Go to the line below containing "GAIN_dx_d_14 = 0.05" and print exactly from there through the line containing "Kd_r_d_14 = Kp_r_d_14*0.1", both included. Print nothing else.

= Beginning of Section =

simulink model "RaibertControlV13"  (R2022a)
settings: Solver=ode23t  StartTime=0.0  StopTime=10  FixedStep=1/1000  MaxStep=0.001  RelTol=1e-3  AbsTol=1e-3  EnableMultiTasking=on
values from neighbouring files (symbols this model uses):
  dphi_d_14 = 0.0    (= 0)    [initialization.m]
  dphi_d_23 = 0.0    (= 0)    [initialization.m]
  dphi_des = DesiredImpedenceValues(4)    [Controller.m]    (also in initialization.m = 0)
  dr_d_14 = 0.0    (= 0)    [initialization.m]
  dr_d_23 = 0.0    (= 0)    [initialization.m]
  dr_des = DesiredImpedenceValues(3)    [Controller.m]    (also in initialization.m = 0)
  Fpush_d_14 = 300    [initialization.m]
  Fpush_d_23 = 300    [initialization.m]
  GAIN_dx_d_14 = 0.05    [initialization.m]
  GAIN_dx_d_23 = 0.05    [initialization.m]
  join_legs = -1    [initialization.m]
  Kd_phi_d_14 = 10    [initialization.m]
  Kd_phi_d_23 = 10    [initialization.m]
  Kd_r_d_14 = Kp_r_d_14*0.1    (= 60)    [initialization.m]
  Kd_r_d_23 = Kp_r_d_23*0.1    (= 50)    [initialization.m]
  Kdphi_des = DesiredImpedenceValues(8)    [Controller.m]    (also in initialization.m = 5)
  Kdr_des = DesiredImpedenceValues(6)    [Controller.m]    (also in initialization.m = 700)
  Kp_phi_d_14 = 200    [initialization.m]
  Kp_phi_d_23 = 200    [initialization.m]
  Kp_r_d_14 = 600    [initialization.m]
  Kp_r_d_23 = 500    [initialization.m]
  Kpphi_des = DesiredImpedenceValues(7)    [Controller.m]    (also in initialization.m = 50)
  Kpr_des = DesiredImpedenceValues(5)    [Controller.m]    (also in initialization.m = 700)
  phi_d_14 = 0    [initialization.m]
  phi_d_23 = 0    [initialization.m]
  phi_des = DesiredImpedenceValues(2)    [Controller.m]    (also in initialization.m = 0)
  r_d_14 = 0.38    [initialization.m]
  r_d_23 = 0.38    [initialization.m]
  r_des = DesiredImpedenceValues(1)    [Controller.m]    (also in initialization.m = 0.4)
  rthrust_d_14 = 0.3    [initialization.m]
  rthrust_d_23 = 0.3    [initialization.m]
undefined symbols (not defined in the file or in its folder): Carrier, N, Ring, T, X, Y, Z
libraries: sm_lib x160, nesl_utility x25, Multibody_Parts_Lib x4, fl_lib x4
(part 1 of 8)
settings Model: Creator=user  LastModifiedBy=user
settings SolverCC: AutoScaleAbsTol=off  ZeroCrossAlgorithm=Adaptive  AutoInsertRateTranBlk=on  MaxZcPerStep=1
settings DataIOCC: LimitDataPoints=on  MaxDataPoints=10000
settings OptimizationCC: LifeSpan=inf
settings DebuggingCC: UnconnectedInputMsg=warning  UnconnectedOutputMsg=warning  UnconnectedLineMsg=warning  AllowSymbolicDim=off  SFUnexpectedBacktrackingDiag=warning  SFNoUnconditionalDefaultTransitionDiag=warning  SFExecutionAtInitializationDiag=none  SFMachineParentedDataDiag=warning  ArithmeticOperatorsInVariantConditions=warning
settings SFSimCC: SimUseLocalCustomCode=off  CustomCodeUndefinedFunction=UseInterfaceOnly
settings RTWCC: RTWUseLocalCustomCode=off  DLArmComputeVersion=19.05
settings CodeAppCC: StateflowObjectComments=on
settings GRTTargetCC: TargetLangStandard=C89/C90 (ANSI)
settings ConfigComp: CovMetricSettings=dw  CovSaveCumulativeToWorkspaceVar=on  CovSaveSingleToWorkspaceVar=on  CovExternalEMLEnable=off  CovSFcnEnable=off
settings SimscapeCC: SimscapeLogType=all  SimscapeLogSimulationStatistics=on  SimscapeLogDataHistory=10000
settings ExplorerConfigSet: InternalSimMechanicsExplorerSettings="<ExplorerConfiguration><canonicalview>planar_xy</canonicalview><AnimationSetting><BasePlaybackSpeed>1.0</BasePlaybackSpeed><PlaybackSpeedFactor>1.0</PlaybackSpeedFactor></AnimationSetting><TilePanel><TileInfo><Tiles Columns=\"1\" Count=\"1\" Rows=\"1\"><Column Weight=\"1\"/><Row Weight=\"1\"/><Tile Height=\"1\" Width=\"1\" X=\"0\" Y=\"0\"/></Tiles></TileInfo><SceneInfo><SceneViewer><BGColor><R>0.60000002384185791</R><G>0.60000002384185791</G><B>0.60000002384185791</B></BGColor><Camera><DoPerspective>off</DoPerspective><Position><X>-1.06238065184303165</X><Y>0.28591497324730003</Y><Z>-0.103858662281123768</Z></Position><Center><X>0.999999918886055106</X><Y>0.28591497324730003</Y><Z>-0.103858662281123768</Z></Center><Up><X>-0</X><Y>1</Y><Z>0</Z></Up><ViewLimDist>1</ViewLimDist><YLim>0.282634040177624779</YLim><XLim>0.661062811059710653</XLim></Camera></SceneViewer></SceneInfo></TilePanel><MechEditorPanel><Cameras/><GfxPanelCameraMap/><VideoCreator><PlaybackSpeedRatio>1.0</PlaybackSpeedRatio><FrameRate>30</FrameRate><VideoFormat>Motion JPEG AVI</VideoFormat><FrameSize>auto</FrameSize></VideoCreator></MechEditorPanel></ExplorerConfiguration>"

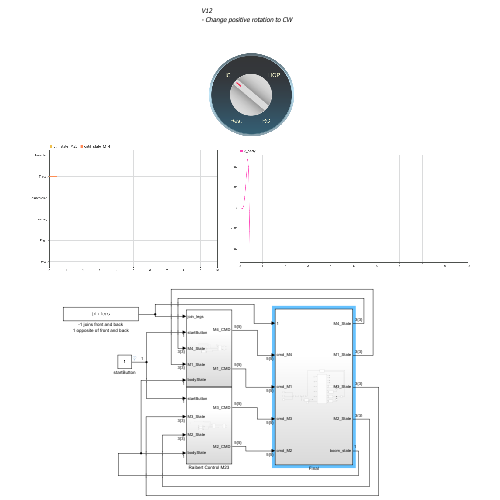
[thumbnail: Simulink's stored preview of the top-level diagram]
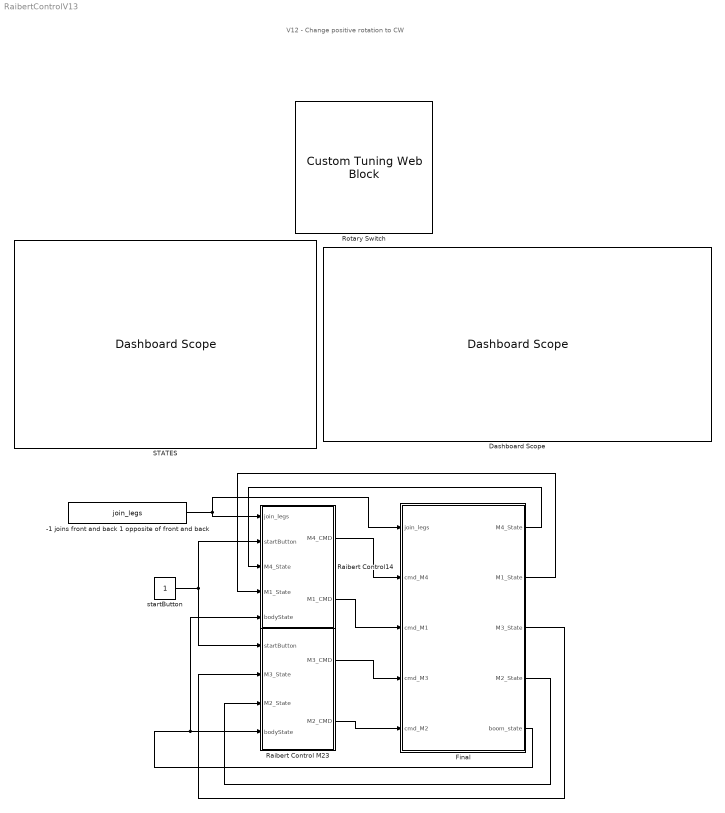
== system RaibertControlV13 ==
  note: V12
      | - Change positive rotation to CW
  -1 joins front and back 1 opposite of front and back : Constant  Value=join_legs
  Dashboard Scope : DashboardScope
  Final : Subsystem
  Raibert Control M23 : Subsystem
  Raibert Control14 : Subsystem
  Rotary Switch : CustomTuningWebBlock  LabelPosition=Hide  ShowInitialText=on  Configuration="{\"components\":[{\"name\":\"RotarySwitchComponent\",\"settings\":{\"arcAngle\":300,\"arcAngleOffset\":120,\"handle\":{\"size\":[150,150],\"src\":\"data:image\\/svg+xml;base64,PHN2ZyBpZD0iTGF5ZXJfMSIgZGF0YS1uYW1lPSJMYXllciAxIiB4bWxucz0iaHR0cDovL3d3dy53My5vcmcvMjAwMC9zdmciIHhtbG5zOnhsaW5rPSJodHRwOi8vd3d3LnczLm9yZy8xOTk5L3hsaW5rIiB2aWV3Qm94PSIwIDAgMTIxIDEyMSI+PGRlZnM+PHN0eWxlPi5jbHMtMXtmaWxsOnVybCgjbGluZWFyLWdyYWRpZW50KTt9LmNscy0yLC5jbHMtM3tmaWxsOiNkMWQxZDE7fS5jbHMtM3tzdHJva2U6I2I3YjdiNztzdHJva2UtbWl0ZXJsaW1pdDoxMDtzdHJva2Utd2lkdGg6MC4yNXB4O30uY2xzLTR7ZmlsbDojZjMwMDAwO30uY2xzLTV7ZmlsbDojZjIxNzY3O308L3N0eWxlPjxsaW5lYXJHcmFkaWVudCBpZD0ibGluZWFyLWdyYWRpZW50IiB4MT0iNjAuNSIgeTE9IjEyMC41IiB4Mj0iNjAuNSIgeTI9IjAuNSIgZ3JhZGllbnRVbml0cz0idXNlclNwYWNlT25Vc2UiPjxzdG9wIG9mZnNldD0iMCIgc3RvcC1jb2xvcj0iI2QxZDFkMSIvPjxzdG9wIG9mZnNldD0iMC4xIiBzdG9wLWNvbG9yPSIjY2VjZWNlIi8+PHN0b3Agb2Zmc2V0PSIwLjE5IiBzdG9wLWNvbG9yPSIjYzNjM2MzIi8+PHN0b3Agb2Zmc2V0PSIwLjI4IiBzdG9wLWNvbG9yPSIjYjFiMWIxIi8+PHN0b3Agb2Zmc2V0PSIwLjM2IiBzdG9wLWNvbG9yPSIjOTg5ODk4Ii8+PHN0b3Agb2Zmc2V0PSIwLjQ0IiBzdG9wLWNvbG9yPSIjNzg3ODc4Ii8+PHN0b3Agb2Zmc2V0PSIwLjQ2IiBzdG9wLWNvbG9yPSIjNmI2YjZiIi8+PHN0b3Agb2Zmc2V0PSIwLjU0IiBzdG9wLWNvbG9yPSIjNmI2YjZiIi8+PHN0b3Agb2Zmc2V0PSIwLjU2IiBzdG9wLWNvbG9yPSIjNzY3Njc2Ii8+PHN0b3Agb2Zmc2V0PSIwLjY0IiBzdG9wLWNvbG9yPSIjOTc5Nzk3Ii8+PHN0b3Agb2Zmc2V0PSIwLjcyIiBzdG9wLWNvbG9yPSIjYjBiMGIwIi8+PHN0b3Agb2Zmc2V0PSIwLjgxIiBzdG9wLWNvbG9yPSIjYzNjM2MzIi8+PHN0b3Agb2Zmc2V0PSIwLjkiIHN0b3AtY29sb3I9IiNjZGNkY2QiLz48c3RvcCBvZmZzZXQ9IjEiIHN0b3AtY29sb3I9IiNkMWQxZDEiLz48L2xpbmVhckdyYWRpZW50PjwvZGVmcz48Y2lyY2xlIGNsYXNzPSJjbHMtMSIgY3g9IjYwLjUiIGN5PSI2MC41IiByPSI2MCIvPjxwYXRoIGNsYXNzPSJjbHMtMiIgZD0iTTYwLjUsMUE1OS41LDU5LjUsMCwxLDEsMSw2MC41LDU5LjU3LDU5LjU3LDAsMCwxLDYwLjUsMW0wLTFBNjAuNSw2MC41LDAsMSwwLDEyMSw2MC41LDYwLjUsNjAuNSwwLDAsMCw2MC41LDBaIi8+PHJlY3QgY2xhc3M9ImNscy0zIiB4PSIwLjUiIHk9IjUxLjUiIHdpZHRoPSIxMjAiIGhlaWdodD0iMTgiIHJ4PSIzLjA0Ii8+PHJlY3QgY2xhc3M9ImNscy00IiB4PSI1Ljc1IiB5PSI1OC43NSIgd2lkdGg9IjE2IiBoZWlnaHQ9IjMiLz48cGF0aCBjbGFzcz0iY2xzLTUiIGQ9Ik0yMS4yNSw1OS4yNXYyaC0xNXYtMmgxNW0xLTFoLTE3djRoMTd2LTRaIi8+PC9zdmc+\"},\"handleOffset\":[0,0],\"handleOrientation\":180,\"handlePosition\":[0,0,1,1],\"handleSize\":{\"height\":0.5,\"width\":0.5},\"labelRadius\":0.36,\"position\":[0,0,1,1],\"states\":[{\"Label\":{\"color\":[0,0,0,1],\"icon\":{\"size\":[0,0],\"src\":[],\"srcOrientation\":\"Right\"},\"iconPlacement\":\"left\",\"opacity\":1,\"position\":[0.7345552884615385,0.6796274038461538],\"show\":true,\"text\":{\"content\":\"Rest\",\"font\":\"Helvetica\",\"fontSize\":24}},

= End of Section =

■ Response to this task
  GAIN_dx_d_14 = 0.05    [initialization.m]
  GAIN_dx_d_23 = 0.05    [initialization.m]
  join_legs = -1    [initialization.m]
  Kd_phi_d_14 = 10    [initialization.m]
  Kd_phi_d_23 = 10    [initialization.m]
  Kd_r_d_14 = Kp_r_d_14*0.1    (= 60)    [initialization.m]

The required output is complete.